Items from a dataset:
────────────────────

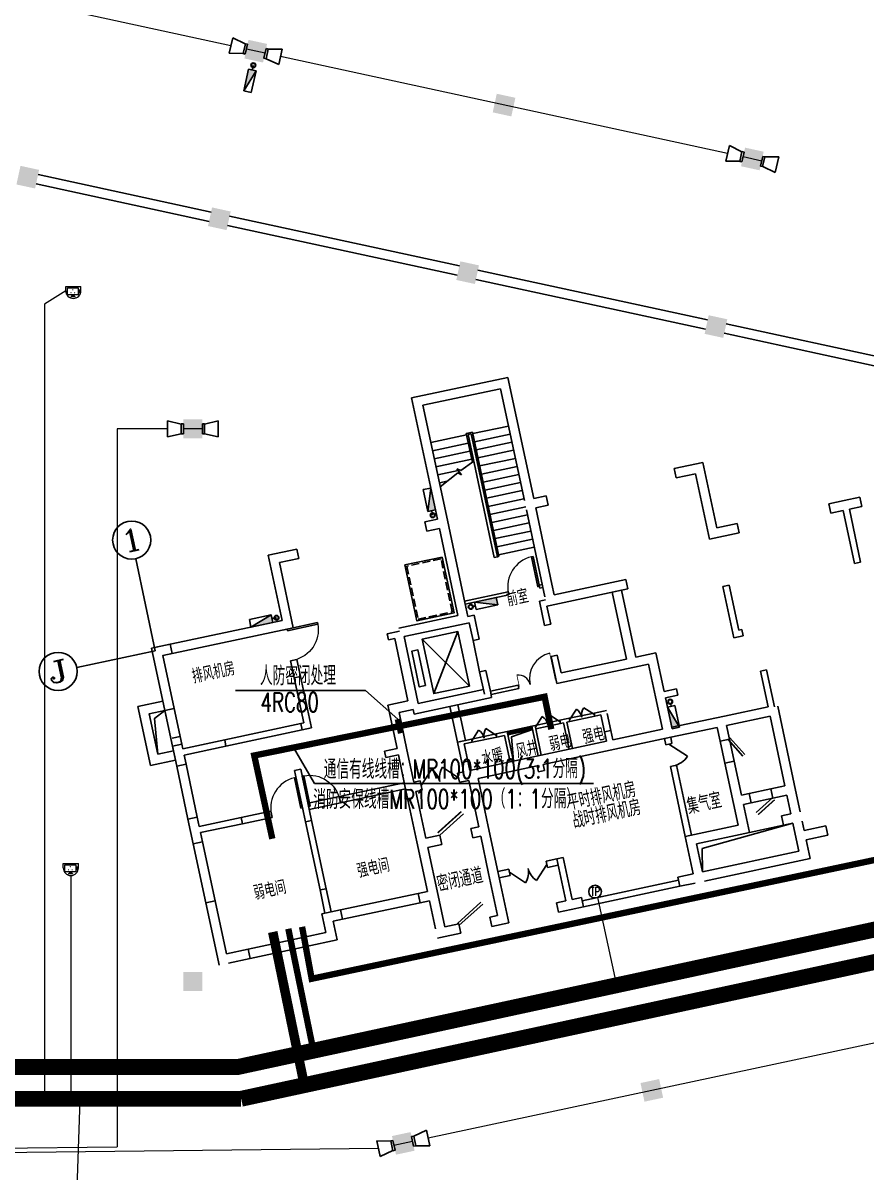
# Model space of a CAD drawing. Extents: x 791398 to 2325386, y -987887 to -518217.
# Drawn here: x 1584945 to 1611487, y -838658 to -802477 of the extents above; entities that cross this region are included whole.
import ezdxf
from ezdxf.enums import TextEntityAlignment as Align

# ---------------------------------------------------------------- set-up
doc = ezdxf.new("R2010")
doc.units = 0
doc.header["$LTSCALE"] = 1000
doc.header["$MEASUREMENT"] = 0
for name, pattern in [('BORDER', [1.75, 0.5, -0.25, 0.5, -0.25, 0, -0.25]), ('DASH', [0.35, 0.25, -0.1]), ('DASHEDX2', [1.5, 1, -0.5])]:
    doc.linetypes.add(name, pattern=pattern)
for name, color, linetype in [('AXIS', 3, 'Continuous'), ('AXIS_TEXT', 7, 'Continuous'), ('COLUMN', 252, 'Continuous'), ('JPS-X', 1, 'BORDER'), ('JPS-XHS', 7, 'Continuous'), ('LVTRY', 6, 'Continuous'), ('PS房间字', 3, 'Continuous'), ('RD-equip', 3, 'Continuous'), ('RD-text', 4, 'Continuous'), ('STAIR', 9, 'Continuous'), ('WALL', 8, 'Continuous'), ('WINDOW', 8, 'Continuous'), ('ZS房间字', 6, 'Continuous')]:
    doc.layers.add(name, color=color, linetype=linetype)
doc.layers.add('RD-line', color=2, linetype='Continuous', lineweight=0)
doc.styles.add('_TCH_AXIS', font='COMPLEX', dxfattribs={"bigfont": 'GBCBIG'})
doc.styles.add('_TCH_DIM', font='SIMPLEX', dxfattribs={"bigfont": 'GBCBIG'})
doc.styles.add('_TEL_DIM', font='SIMPLEX', dxfattribs={"width": 0.8, "height": 3.5, "bigfont": 'HZTXT'})
doc.styles.add('COMPLEX', font='COMPLEX')
doc.styles.add('FS1', font='txt4', dxfattribs={"width": 0.8, "bigfont": 'fstxt'})
doc.styles.add('FS2', font='tjromans.shx', dxfattribs={"width": 0.8, "bigfont": 'tjhztxt.shx'})
doc.styles.add('TEXT', font='tjromans.shx', dxfattribs={"width": 0.8, "height": 400, "bigfont": 'tjhztxt.shx'})
doc.linetypes.add('BRA', pattern='A,2.8,-0.1,["B",_TEL_DIM,S=0.07,R=0,X=0,Y=-0.12],-0.25', length=3.15)
doc.linetypes.add('CCTV', pattern='A,2.8,-0.1,["V",_TEL_DIM,S=0.07,R=0,X=0,Y=-0.12],-0.25', length=3.15)
doc.linetypes.add('TD', pattern='A,2.8,-0.1,["C",_TEL_DIM,S=0.07,R=0,X=0,Y=-0.12],-0.25', length=3.15)

# ---------------------------------------------------------------- blocks, each defined once
blk = doc.blocks.new('FF')
at = {"linetype": 'Continuous'}
for radius in [75, 60]:
    blk.add_circle((0, 0), radius, dxfattribs=at)
blk = doc.blocks.new('DXHS')
at = {"layer": 'JPS-XHS'}
blk.add_hatch(color=256, dxfattribs=at).paths.add_polyline_path([(-350, 240), (-350, 0), (350, 0)])
at = {"layer": 'JPS-XHS', "linetype": 'Continuous'}
for p, q in [((-350, 240), (-350, 0)), ((-350, 240), (350, 240)), ((-350, 0), (350, 0)), ((350, 240), (350, 0))]:
    blk.add_line(p, q, dxfattribs=at)
at = {"layer": 'JPS-XHS'}
blk.add_line((-350, 240), (350, 0), dxfattribs=at)
blk = doc.blocks.new('xxhhsss')
at = {"layer": 'JPS-X', "const_width": 50}
for points in [[(127006, -105623), (127038, -105476)], [(132654, -119499), (132685, -119645)], [(127623, -122903), (127770, -122871)]]:
    blk.add_lwpolyline(points, dxfattribs=at)
at = {"layer": 'JPS-X'}
for p, rotation in [((127038, -105476), 257.7513756366785), ((132685, -119645), 102.0402100864861), ((127770, -122871), 12.04021007857142)]:
    blk.add_blockref('FF', p, dxfattribs=dict(at, rotation=rotation))
at = {"layer": 'JPS-XHS'}
for p, rotation in [((126815, -105939), 257.7513756366785), ((132698, -119131), 102.0402100864861)]:
    blk.add_blockref('DXHS', p, dxfattribs=dict(at, rotation=rotation))
at = {"layer": 'JPS-XHS', "xscale": -1, "rotation": 12.0402100785714}
blk.add_blockref('DXHS', (127306, -123093), dxfattribs=at)
blk = doc.blocks.new('_FZH')
blk.add_solid([(-0.5, -0.5), (0.5, -0.5), (-0.5, 0.5), (0.5, 0.5)])
blk = doc.blocks.new('_AXISO')
blk.add_circle((0, 0), 0.5)
at = {"layer": 'AXIS_TEXT', "style": 'COMPLEX', "width": 1.041667}
blk.add_attdef('A', text='', height=0.56, dxfattribs=at).set_placement((-0.25, -0.28), (0.25, -0.28), align=Align.FIT)
blk = doc.blocks.new('$DorLib2D$00000116')
at = {"color": 0}
for p, q in [((-0.5, 0), (-0.146, 0.354)), ((0.5, 0), (0.146, 0.354))]:
    blk.add_line(p, q, dxfattribs=at)
for centre, start, end in [((-0.5, 0), 0, 45), ((0.5, 0), 135, 180)]:
    blk.add_arc(centre, 0.5, start, end, dxfattribs=at)
blk = doc.blocks.new('$WINLIB2D$00000001')
for p, q in [((-0.5, 0.5), (0.5, 0.5)), ((-0.5, 0.5), (-0.5, -0.5)), ((0.5, -0.5), (0.5, 0.5)), ((0.5, 0.167), (-0.5, 0.167)), ((0.5, -0.167), (-0.5, -0.167)), ((-0.5, -0.5), (0.5, -0.5))]:
    blk.add_line(p, q)
blk = doc.blocks.new('$DorLib2D$00000001')
for p, q in [((0.45, 0.975), (0.5, 0.975)), ((0.45, 0), (0.45, 0.975)), ((0.5, 0), (0.5, 0.975)), ((0.5, 0), (0.45, 0))]:
    blk.add_line(p, q)
at = {"lineweight": 13}
blk.add_arc((0.475, 0), 0.975, 91.4693, 180, dxfattribs=at)
blk = doc.blocks.new('$DorLib2D$00000025')
at = {"const_width": 0.02}
for points in [[(0.481, -0.001), (0.481, 0.691)], [(-0.481, 0.001), (-0.481, 0.308)]]:
    blk.add_lwpolyline(points, dxfattribs=at)
at = {"lineweight": 13}
for centre, radius, start, end in [((0.505, -0.002), 0.699, 91.9397, 179.7238), ((-0.501, 0.003), 0.307, 359.7899, 85.7508)]:
    blk.add_arc(centre, radius, start, end, dxfattribs=at)
blk = doc.blocks.new('$DorLib2D$00000179')
at = {"color": 0}
for p, q in [((-0.54, 0.169), (0.326, 0.669)), ((-0.5, 0.1), (0.366, 0.6))]:
    blk.add_line(p, q, dxfattribs=at)
blk = doc.blocks.new('$DorLib2D$00000114')
at = {"color": 0}
blk.add_line((0.5, 0), (-0.207, 0.707), dxfattribs=at)
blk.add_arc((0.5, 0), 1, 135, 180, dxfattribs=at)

────────────────────

**Prompt:**
The entries above should be retyped exactly, minus any pictures.

**Output of the exercise:**
# Model space of a CAD drawing. Extents: x 791398 to 2325386, y -987887 to -518217.
# Drawn here: x 1584945 to 1611487, y -838658 to -802477 of the extents above; entities that cross this region are included whole.
import ezdxf
from ezdxf.enums import TextEntityAlignment as Align

# ---------------------------------------------------------------- set-up
doc = ezdxf.new("R2010")
doc.units = 0
doc.header["$LTSCALE"] = 1000
doc.header["$MEASUREMENT"] = 0
for name, pattern in [('BORDER', [1.75, 0.5, -0.25, 0.5, -0.25, 0, -0.25]), ('DASH', [0.35, 0.25, -0.1]), ('DASHEDX2', [1.5, 1, -0.5])]:
    doc.linetypes.add(name, pattern=pattern)
for name, color, linetype in [('AXIS', 3, 'Continuous'), ('AXIS_TEXT', 7, 'Continuous'), ('COLUMN', 252, 'Continuous'), ('JPS-X', 1, 'BORDER'), ('JPS-XHS', 7, 'Continuous'), ('LVTRY', 6, 'Continuous'), ('PS房间字', 3, 'Continuous'), ('RD-equip', 3, 'Continuous'), ('RD-text', 4, 'Continuous'), ('STAIR', 9, 'Continuous'), ('WALL', 8, 'Continuous'), ('WINDOW', 8, 'Continuous'), ('ZS房间字', 6, 'Continuous')]:
    doc.layers.add(name, color=color, linetype=linetype)
doc.layers.add('RD-line', color=2, linetype='Continuous', lineweight=0)
doc.styles.add('_TCH_AXIS', font='COMPLEX', dxfattribs={"bigfont": 'GBCBIG'})
doc.styles.add('_TCH_DIM', font='SIMPLEX', dxfattribs={"bigfont": 'GBCBIG'})
doc.styles.add('_TEL_DIM', font='SIMPLEX', dxfattribs={"width": 0.8, "height": 3.5, "bigfont": 'HZTXT'})
doc.styles.add('COMPLEX', font='COMPLEX')
doc.styles.add('FS1', font='txt4', dxfattribs={"width": 0.8, "bigfont": 'fstxt'})
doc.styles.add('FS2', font='tjromans.shx', dxfattribs={"width": 0.8, "bigfont": 'tjhztxt.shx'})
doc.styles.add('TEXT', font='tjromans.shx', dxfattribs={"width": 0.8, "height": 400, "bigfont": 'tjhztxt.shx'})
doc.linetypes.add('BRA', pattern='A,2.8,-0.1,["B",_TEL_DIM,S=0.07,R=0,X=0,Y=-0.12],-0.25', length=3.15)
doc.linetypes.add('CCTV', pattern='A,2.8,-0.1,["V",_TEL_DIM,S=0.07,R=0,X=0,Y=-0.12],-0.25', length=3.15)
doc.linetypes.add('TD', pattern='A,2.8,-0.1,["C",_TEL_DIM,S=0.07,R=0,X=0,Y=-0.12],-0.25', length=3.15)

# ---------------------------------------------------------------- blocks, each defined once
blk = doc.blocks.new('FF')
at = {"linetype": 'Continuous'}
for radius in [75, 60]:
    blk.add_circle((0, 0), radius, dxfattribs=at)
blk = doc.blocks.new('DXHS')
at = {"layer": 'JPS-XHS'}
blk.add_hatch(color=256, dxfattribs=at).paths.add_polyline_path([(-350, 240), (-350, 0), (350, 0)])
at = {"layer": 'JPS-XHS', "linetype": 'Continuous'}
for p, q in [((-350, 240), (-350, 0)), ((-350, 240), (350, 240)), ((-350, 0), (350, 0)), ((350, 240), (350, 0))]:
    blk.add_line(p, q, dxfattribs=at)
at = {"layer": 'JPS-XHS'}
blk.add_line((-350, 240), (350, 0), dxfattribs=at)
blk = doc.blocks.new('xxhhsss')
at = {"layer": 'JPS-X', "const_width": 50}
for points in [[(127006, -105623), (127038, -105476)], [(132654, -119499), (132685, -119645)], [(127623, -122903), (127770, -122871)]]:
    blk.add_lwpolyline(points, dxfattribs=at)
at = {"layer": 'JPS-X'}
for p, rotation in [((127038, -105476), 257.7513756366785), ((132685, -119645), 102.0402100864861), ((127770, -122871), 12.04021007857142)]:
    blk.add_blockref('FF', p, dxfattribs=dict(at, rotation=rotation))
at = {"layer": 'JPS-XHS'}
for p, rotation in [((126815, -105939), 257.7513756366785), ((132698, -119131), 102.0402100864861)]:
    blk.add_blockref('DXHS', p, dxfattribs=dict(at, rotation=rotation))
at = {"layer": 'JPS-XHS', "xscale": -1, "rotation": 12.0402100785714}
blk.add_blockref('DXHS', (127306, -123093), dxfattribs=at)
blk = doc.blocks.new('_FZH')
blk.add_solid([(-0.5, -0.5), (0.5, -0.5), (-0.5, 0.5), (0.5, 0.5)])
blk = doc.blocks.new('_AXISO')
blk.add_circle((0, 0), 0.5)
at = {"layer": 'AXIS_TEXT', "style": 'COMPLEX', "width": 1.041667}
blk.add_attdef('A', text='', height=0.56, dxfattribs=at).set_placement((-0.25, -0.28), (0.25, -0.28), align=Align.FIT)
blk = doc.blocks.new('$DorLib2D$00000116')
at = {"color": 0}
for p, q in [((-0.5, 0), (-0.146, 0.354)), ((0.5, 0), (0.146, 0.354))]:
    blk.add_line(p, q, dxfattribs=at)
for centre, start, end in [((-0.5, 0), 0, 45), ((0.5, 0), 135, 180)]:
    blk.add_arc(centre, 0.5, start, end, dxfattribs=at)
blk = doc.blocks.new('$WINLIB2D$00000001')
for p, q in [((-0.5, 0.5), (0.5, 0.5)), ((-0.5, 0.5), (-0.5, -0.5)), ((0.5, -0.5), (0.5, 0.5)), ((0.5, 0.167), (-0.5, 0.167)), ((0.5, -0.167), (-0.5, -0.167)), ((-0.5, -0.5), (0.5, -0.5))]:
    blk.add_line(p, q)
blk = doc.blocks.new('$DorLib2D$00000001')
for p, q in [((0.45, 0.975), (0.5, 0.975)), ((0.45, 0), (0.45, 0.975)), ((0.5, 0), (0.5, 0.975)), ((0.5, 0), (0.45, 0))]:
    blk.add_line(p, q)
at = {"lineweight": 13}
blk.add_arc((0.475, 0), 0.975, 91.4693, 180, dxfattribs=at)
blk = doc.blocks.new('$DorLib2D$00000025')
at = {"const_width": 0.02}
for points in [[(0.481, -0.001), (0.481, 0.691)], [(-0.481, 0.001), (-0.481, 0.308)]]:
    blk.add_lwpolyline(points, dxfattribs=at)
at = {"lineweight": 13}
for centre, radius, start, end in [((0.505, -0.002), 0.699, 91.9397, 179.7238), ((-0.501, 0.003), 0.307, 359.7899, 85.7508)]:
    blk.add_arc(centre, radius, start, end, dxfattribs=at)
blk = doc.blocks.new('$DorLib2D$00000179')
at = {"color": 0}
for p, q in [((-0.54, 0.169), (0.326, 0.669)), ((-0.5, 0.1), (0.366, 0.6))]:
    blk.add_line(p, q, dxfattribs=at)
blk = doc.blocks.new('$DorLib2D$00000114')
at = {"color": 0}
blk.add_line((0.5, 0), (-0.207, 0.707), dxfattribs=at)
blk.add_arc((0.5, 0), 1, 135, 180, dxfattribs=at)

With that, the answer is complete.